In sum, uncertainty of various kinds is pervasive. Given its importance, uncertainty deserves much greater prominence than it typically receives in textbook discussions of monetary policy, where it is too often neglected. In my discussion in the rest of this lecture of the transmission mechanism and the initiatives taken by the Bank to reduce uncertainty, I will try to remedy this neglect.
PART 1: The Transmission Mechanism
When central banks take monetary policy actions, they set in motion a series of consequences that starts with an influence on financial markets, works through changes in spending, production and employment, and ends with an effect on the price level or, more specifically, the rate of inflation in the price level. Economists call this chain of developments the "transmission mechanism".

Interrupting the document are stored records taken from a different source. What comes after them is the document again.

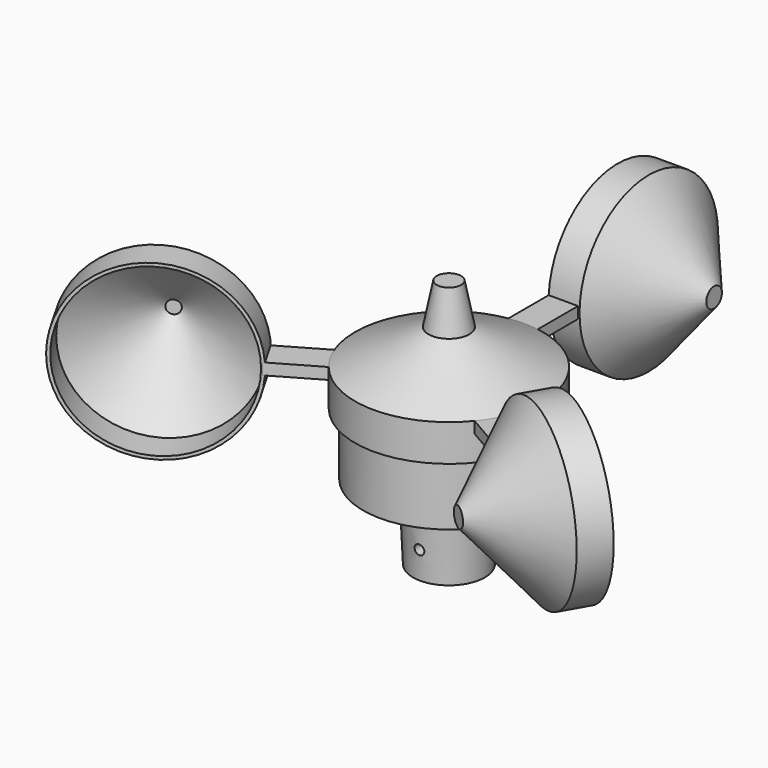
from build123d import *

# Parameters (mm, degrees)
F0_R       = 11
F2_R       = 12
F4_R       = 6.35
F5_R       = 6.35
F7_R       = 26.25
F8_DEPTH   = 19
F9_R       = 28.75
F10_DEPTH  = 9.5
F13_DEPTH  = 1.75
F15_R      = 28.75
F17_DEPTH  = 1.75
F17_FACE_R = 28.75
F16_R      = 6.25
F19_R      = 6.25
F21_R      = 3.75
F23_R      = 26.5
F23_R_2    = 25.5
F24_DEPTH  = 9.5
F27_R      = 26.5
F26_R      = 3
F30_R      = 2
F31_R      = 25.5
F34_COUNT  = 3
F35_R      = 1.5
F36_DEPTH  = 12.5
F37_R      = 6.35
F38_DEPTH  = 9.5


with BuildPart() as f3:
    # F0 (on Top) → F3 section 0
    with BuildSketch(Plane.XY):
        Circle(F0_R)
    # F2 (on offset) → F3 section 1
    with BuildSketch(Plane.XY.offset(23)):
        Circle(F2_R)
    loft()

    # F4 (on face) → F6 section 0
    with BuildSketch(Plane(origin=(0, 0, 0), x_dir=(1, 0, 0), z_dir=(0, 0, -1))):
        Circle(F4_R)
    # F5 (on face) → F6 section 1
    with BuildSketch(Plane.XY.offset(23)):
        Circle(F5_R)
    loft(mode=Mode.SUBTRACT)

    # F7 (on face) → F8 (join)
    with BuildSketch(Plane.XY.offset(23)):
        Circle(F7_R)
    extrude(amount=F8_DEPTH)

    # F9 (on face) → F10 (join)
    with BuildSketch(Plane.XY.offset(42)):
        Circle(F9_R)
    extrude(amount=F10_DEPTH)

    # F12 (on face) → F13 (join, symmetric)
    with BuildSketch(Plane.XY.offset(51.5)):
        Polygon((-4.5, 44.75), (-4.5, 28.3956422713), (-4.5, 22), (4.5, 22), (4.5, 28.3956422713), (4.5, 44.75), (0, 44.75), align=None)
        Polygon((-21.3025588833, -7.102885683), (-26.8413475637, -10.3007068186), (-40.6977540243, -18.3007068186), (-36.1977540243, -26.0949354527), (-22.3413475637, -18.0949354527), (-16.8025588833, -14.897114317), align=None)
        Polygon((16.8025588833, -14.897114317), (22.3413475637, -18.0949354527), (36.1977540243, -26.0949354527), (40.6977540243, -18.3007068186), (26.8413475637, -10.3007068186), (21.3025588833, -7.102885683), align=None)
    extrude(amount=F13_DEPTH, both=True)



with BuildPart() as f17:
    # F15 (on face) → F17 (new body)
    with BuildSketch(Plane.XY.offset(51.5)):
        Circle(F15_R)
    extrude(amount=F17_DEPTH)


with BuildPart() as f18:
    # F17_face (on face) → F18 section 0
    with BuildSketch(Plane.XY.offset(53.25)):
        Circle(F17_FACE_R)
    # F16 (on offset) → F18 section 1
    with BuildSketch(Plane.XY.offset(64)):
        Circle(F16_R)
    loft()


with BuildPart() as f3_1:
    add(f3.part)

    add(f17.part)  # F22 merges F17

    add(f18.part)  # F22 merges F18
    # F19 (on face) → F22 section 0
    with BuildSketch(Plane.XY.offset(64)):
        Circle(F19_R)
    # F21 (on offset) → F22 section 1
    with BuildSketch(Plane.XY.offset(76.5)):
        Circle(F21_R)
    loft()



with BuildPart() as f24:
    # F23 (on face) → F24 (new body)
    with BuildSketch(Plane(origin=(-4.5, 0, 0), x_dir=(0, -1, 0), z_dir=(-1, 0, 0))):
        with Locations((-70.25, 51.5)):
            Circle(F23_R)
        with Locations((-70.25, 51.5)):
            Circle(F23_R_2, mode=Mode.SUBTRACT)
    extrude(amount=-F24_DEPTH)


with BuildPart() as f3_2:
    add(f3_1.part)

    add(f24.part)  # F28 merges F24
    # F27 (on face) → F28 section 0
    with BuildSketch(Plane.YZ.offset(5)):
        with Locations((70.25, 51.5)):
            Circle(F27_R)
    # F26 (on offset) → F28 section 1
    with BuildSketch(Plane.YZ.offset(25)):
        with Locations((70.25, 51.5)):
            Circle(F26_R)
    loft()

    # F30 (on offset) → F32 section 0
    with BuildSketch(Plane.YZ.offset(24)):
        with Locations((70.25, 51.5)):
            Circle(F30_R)
    # F31 (on face) → F32 section 1
    with BuildSketch(Plane(origin=(5, 0, 0), x_dir=(0, -1, 0), z_dir=(-1, 0, 0))):
        with Locations((-70.25, 51.5)):
            Circle(F31_R)
    loft(mode=Mode.SUBTRACT)


with BuildPart() as f34_1:
    # F34: instance of F3
    add(f3_2.part.rotate(Axis((0, 0, 40.5513271689), (0, 0, 1)), 1 * 360 / F34_COUNT))


with BuildPart() as f34_2:
    # F34: instance of F3
    add(f3_2.part.rotate(Axis((0, 0, 40.5513271689), (0, 0, 1)), 2 * 360 / F34_COUNT))


with BuildPart() as f36_tool:
    # F35 (on Front) → F36 (new body, symmetric)
    with BuildSketch(Plane.XZ):
        with Locations((0, 8.5)):
            Circle(F35_R)
    extrude(amount=F36_DEPTH, both=True)


with BuildPart() as f3_3:
    add(f3_2.part)

    # F36: cut by f36_tool
    add(f36_tool.part, mode=Mode.SUBTRACT)



with BuildPart() as f34_1_1:
    add(f34_1.part)

    # F36: cut by f36_tool
    add(f36_tool.part, mode=Mode.SUBTRACT)


with BuildPart() as f34_2_1:
    add(f34_2.part)

    # F36: cut by f36_tool
    add(f36_tool.part, mode=Mode.SUBTRACT)


with BuildPart() as f3_4:
    add(f3_3.part)

    add(f34_1_1.part)  # F38 merges F34_1

    add(f34_2_1.part)  # F38 merges F34_2
    # F37 (on face) → F38 (join)
    with BuildSketch(Plane(origin=(0, 0, 23), x_dir=(1, 0, 0), z_dir=(0, 0, -1))):
        Circle(F37_R)
    extrude(amount=F38_DEPTH)


solid = f3_4.part

The instrument that the central bank has at its disposal in taking monetary policy actions is its control over the issuance of a crucial financial asset—typically referred to in the economics literature as "base money". Base money, which is composed of bank notes issued by the central bank and deposits at the central bank held by financial institutions, is important because it provides the ultimate form of liquidity in the financial system. Financial institutions hold such a liquid instrument—one that involves no risk of default and no delay in obtaining value—in order to settle among themselves the net flows from payments that take place in the economy every day.
Fundamentally, monetary policy is about the pace of monetary expansion. The rate at which the central bank allows base money to expand over time will either encourage or restrain the financial system in its expansion of money and credit. This in turn will influence the demand for goods and services in the economy. And it is the level of demand relative to the ability of the economy to produce goods and services that eventually determines the rate of inflation.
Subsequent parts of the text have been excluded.